It has been several months since my last posting. My excuse? Well, way back in January I woke up on my birthday. Jake rolled over and in sleepy slurs related a dream he had just had that he was caring around our baby daughter. At that I scurried out of bed and went and peed on a little stick that showed a tiny plus sign that carried more meaning than any other plus sign I’ve ever seen. What a wonderful birthday present! And the due date is very near Jake’s birthday. I love it when life falls together so poignantly.
So needless to say, I’ve been a bit too distracted to concentrate on writing, but am finally feeling back in the writing mood once more. Therefore, I would love to relate a little story about when I visited the Redwoods the first week of April. I’ve been dying to tell this story and the moment finally feels right.
I took a road trip down to visit the beloved Redwood forest of Jedediah Smith National Park with my very good friend Jayne and her two year old son, Matthew. On one of the days I decided to take a solo journey into the woods to connect with the trees more intimately. I pulled off the road at a spot that called to me and began to explore a bit. I was feeling drawn to journey down into a steep ravine. The going was steep and a bit precarious. There were a tremendous amount of enormous fallen chunks of rotting ruddy wood to scramble over and under. Finally, I reached the bottom of the ravine and found a little spring that weaved above and below the narrow floor of the ravine. Once at the bottom I sat down to take it all in. I meditated for awhile and tried to imprint the mysterious spot in my memory as best as I could. Finally, I arose and traversed the steep hillside back to the car.
I drove on to the next spot that called out to me. I began meandering through the trees until I found one that seemed to call out to me. It even seemed to have a friendly face shadowed into its bark. I made my through the towering ferns that were almost as tall as me. When I reached the tree I leaned into it, hugging it while resting my forehead against its mossy trunk. I immediately felt a warm and loving presence embrace me back. I heard the tree say something to the effect of, “Don’t worry, everything is going exactly as it should. All is well.”
My immediate thought was: that’s good to hear, but I wasn’t really worried.
Then I heard the tree say, “Anytime you have any questions, or just need to feel rejuvenated, you can always go inward into your own inner ravine and find your own inner spring, and drink from it.

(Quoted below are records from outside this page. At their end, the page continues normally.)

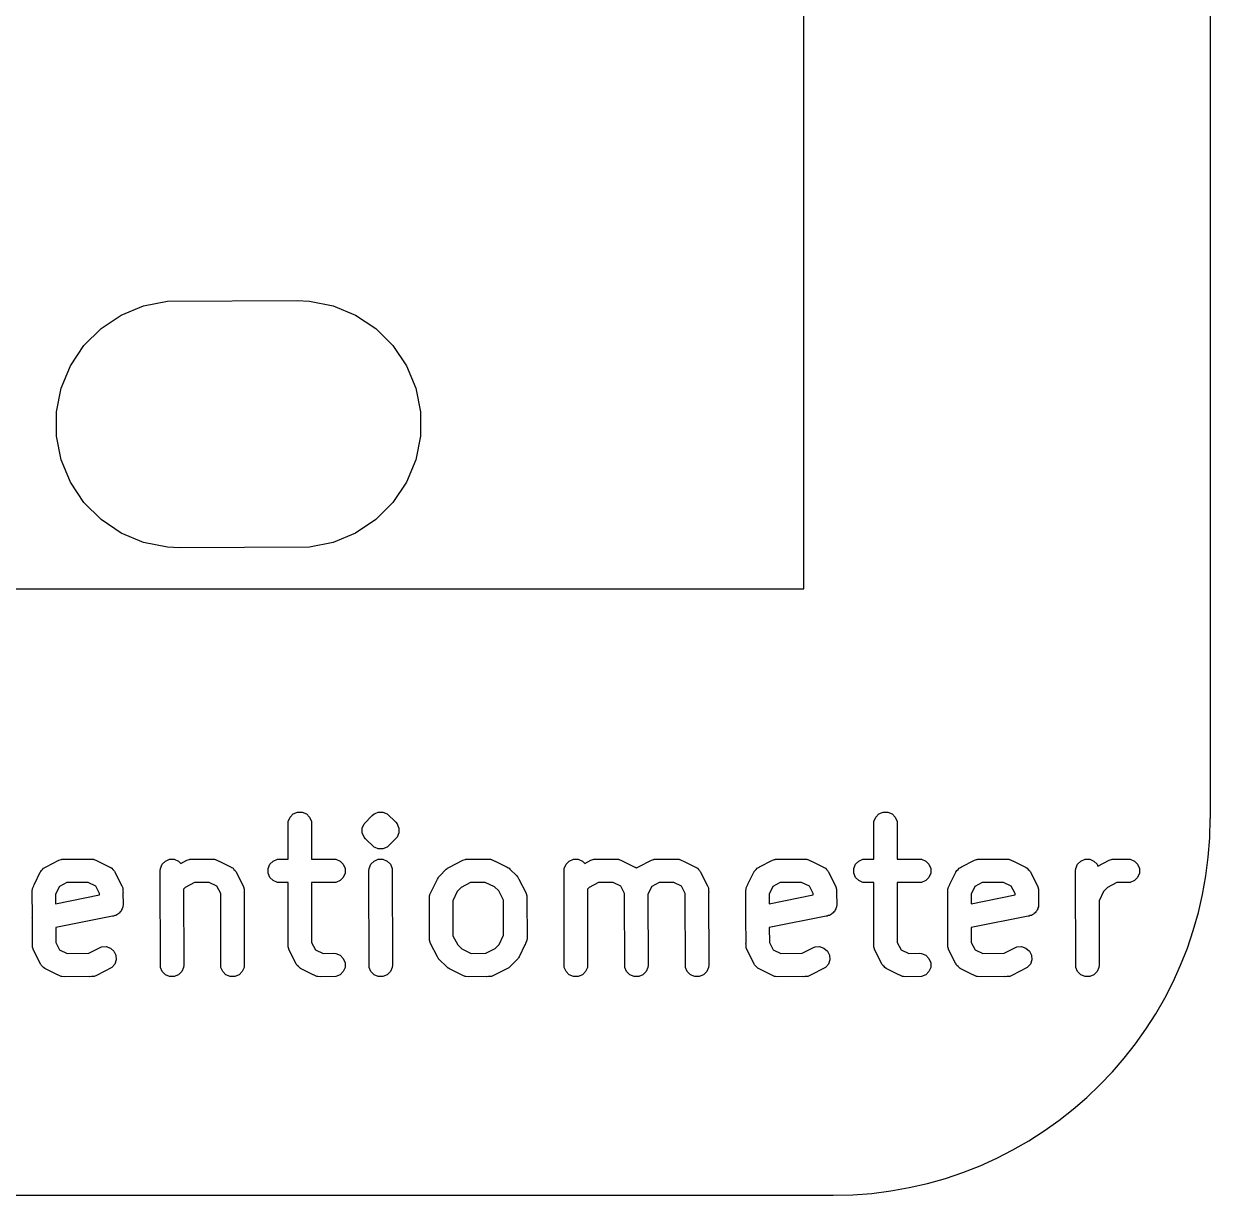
# Model space of a CAD drawing. Extents: x 199.3 to 243.4, y -155.2 to -124.3.
# Drawn here: x 233.33 to 243.4, y -151.6 to -141.65 of the extents above; entities that cross this region are included whole.
import ezdxf

# ---------------------------------------------------------------- set-up
doc = ezdxf.new("R2010")
doc.units = 0
doc.layers.add('BLACK', color=7, linetype='CONTINUOUS')

msp = doc.modelspace()

# ---------------------------------------------------------------- linework, layer by layer
at = {"layer": 'BLACK', "linetype": 'CONTINUOUS'}
for p, q in [((243.4, -132.4), (243.4, -148.4)), ((239.95, -146.45), (239.95, -134.35)), ((234.345201, -144.045213), (234.547082, -144.005056)), ((234.547082, -144.005056), (235.65, -144)), ((235.65, -144), (235.752918, -144.005056)), ((235.752918, -144.005056), (235.954799, -144.045213)), ((233.983887, -144.238339), (234.155033, -144.123983)), ((234.155033, -144.123983), (234.345201, -144.045213)), ((235.954799, -144.045213), (236.144967, -144.123983)), ((236.144967, -144.123983), (236.316113, -144.238339)), ((233.838339, -144.383887), (233.983887, -144.238339)), ((236.316113, -144.238339), (236.461661, -144.383887)), ((233.723983, -144.555033), (233.838339, -144.383887)), ((236.461661, -144.383887), (236.576017, -144.555033)), ((233.645213, -144.745201), (233.723983, -144.555033)), ((236.576017, -144.555033), (236.654787, -144.745201)), ((233.605056, -144.947082), (233.645213, -144.745201)), ((236.654787, -144.745201), (236.694944, -144.947082)), ((233.605056, -145.152918), (233.605056, -144.947082)), ((236.694944, -144.947082), (236.694944, -145.152918)), ((233.645213, -145.354799), (233.605056, -145.152918)), ((236.694944, -145.152918), (236.654787, -145.354799)), ((233.723983, -145.544967), (233.645213, -145.354799)), ((236.654787, -145.354799), (236.576017, -145.544967)), ((233.838339, -145.716113), (233.723983, -145.544967)), ((236.576017, -145.544967), (236.461661, -145.716113)), ((233.983887, -145.861661), (233.838339, -145.716113)), ((236.461661, -145.716113), (236.316113, -145.861661)), ((234.155033, -145.976017), (233.983887, -145.861661)), ((236.316113, -145.861661), (236.144967, -145.976017)), ((234.345201, -146.054787), (234.155033, -145.976017)), ((236.144967, -145.976017), (235.954799, -146.054787)), ((234.547082, -146.094944), (234.345201, -146.054787)), ((234.65, -146.1), (234.547082, -146.094944)), ((235.752918, -146.094944), (234.65, -146.1)), ((235.954799, -146.054787), (235.752918, -146.094944)), ((227.65, -146.45), (239.95, -146.45)), ((235.588281, -148.389185), (235.615871, -148.361595)), ((235.615871, -148.361595), (235.651919, -148.346663)), ((235.651919, -148.346663), (235.690937, -148.346663)), ((235.690937, -148.346663), (235.726985, -148.361595)), ((235.726985, -148.361595), (235.754575, -148.389185)), ((236.286431, -148.374032), (236.301584, -148.361595)), ((236.301584, -148.361595), (236.312142, -148.357221)), ((236.312142, -148.357221), (236.337633, -148.346663)), ((236.337633, -148.346663), (236.376651, -148.346663)), ((236.376651, -148.346663), (236.412699, -148.361595)), ((236.412699, -148.361595), (236.484995, -148.431174)), ((240.559709, -148.389185), (240.587299, -148.361595)), ((240.587299, -148.361595), (240.623347, -148.346663)), ((240.623347, -148.346663), (240.662365, -148.346663)), ((240.662365, -148.346663), (240.698413, -148.361595)), ((240.698413, -148.361595), (240.726003, -148.389185)), ((235.571428, -148.444742), (235.573349, -148.425233)), ((235.57198, -148.746294), (235.571428, -148.444742)), ((235.573349, -148.425233), (235.588281, -148.389185)), ((235.754575, -148.389185), (235.769507, -148.425233)), ((235.769507, -148.425233), (235.770094, -148.745495)), ((236.20192, -148.482376), (236.216852, -148.446328)), ((236.216852, -148.446328), (236.216853, -148.446327)), ((236.216853, -148.446327), (236.286431, -148.374032)), ((236.484995, -148.431174), (236.497432, -148.446327)), ((236.497432, -148.446327), (236.504163, -148.462579)), ((236.504163, -148.462579), (236.512363, -148.482376)), ((240.542856, -148.444742), (240.544777, -148.425233)), ((240.543408, -148.746294), (240.542856, -148.444742)), ((240.544777, -148.425233), (240.559709, -148.389185)), ((240.726003, -148.389185), (240.740935, -148.425233)), ((240.740935, -148.425233), (240.741522, -148.745495)), ((236.20192, -148.521394), (236.20192, -148.482376)), ((236.216852, -148.557442), (236.20192, -148.521394)), ((236.229288, -148.572596), (236.216852, -148.557442)), ((236.497432, -148.557443), (236.427853, -148.629739)), ((236.512363, -148.521394), (236.497432, -148.557443)), ((236.512363, -148.482376), (236.512363, -148.521394)), ((236.301584, -148.642175), (236.229288, -148.572596)), ((236.312142, -148.646548), (236.301584, -148.642175)), ((236.337633, -148.657107), (236.312142, -148.646548)), ((236.376651, -148.657107), (236.337633, -148.657107)), ((236.412699, -148.642175), (236.376651, -148.657107)), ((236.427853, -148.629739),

My next thought was: Hmm, I’ve definitely heard that before, but the truth is that no matter how many times I try to replenish my self from my “inner spring” I still feel like most of my life is often fairly stuck in the dull drums. I get fed up with the routine of working life and I find that life is not as vivid as I feel it should be. (These are fairly guilty thoughts as I know that I live a very blessed existence.)
Then I felt the tree challenge me saying, “Well, why don’t you try it right now?”
So I sat down with my back against the tree trunk and closed my eyes. I began imagining going deep inside my self to find the so called spring, but doubts kept blocking the way. My thoughts told me things like: Oh, the tree isn’t really talking to you, you’re just making this all up to make yourself feel good. My negative thoughts went on and on. But then suddenly I heard a voice break through the barrage of doubts. It said, “Remember today when you were climbing down into that ravine and there were lots of obstacles blocking your way? Traversing your own inner ravine is filled with obstacles as well. These thoughts you are having are your obstacles. Just keep going and find your way around them.
Wow! Now that felt like a revelation. So I kept going and after a bit of time passed I felt something shift. I felt light and tingly. I opened my eyes and the world surged in with colors more vivid than before. I felt something drop away and I realized that I had been “worried” or overly concerned about things happening the way they are supposed to and things falling into place, even though I didn’t realize that I was carrying those concerns. But once they dropped away, there was nothing blocking me from the pure experience of the present. I thanked the tree with all my being and felt myself dissolve into the ecstatic flow of the forest. The wind swirled down from above and a rogue hail shower let loose a musical crescendo.
And life has never been quite the same since. May you all drink well from your inner spring often!
I have more experiences to tell of, including the incredible culmination of the Chrysalis Sisters, but I think this is enough for tonight. Sweet dreams.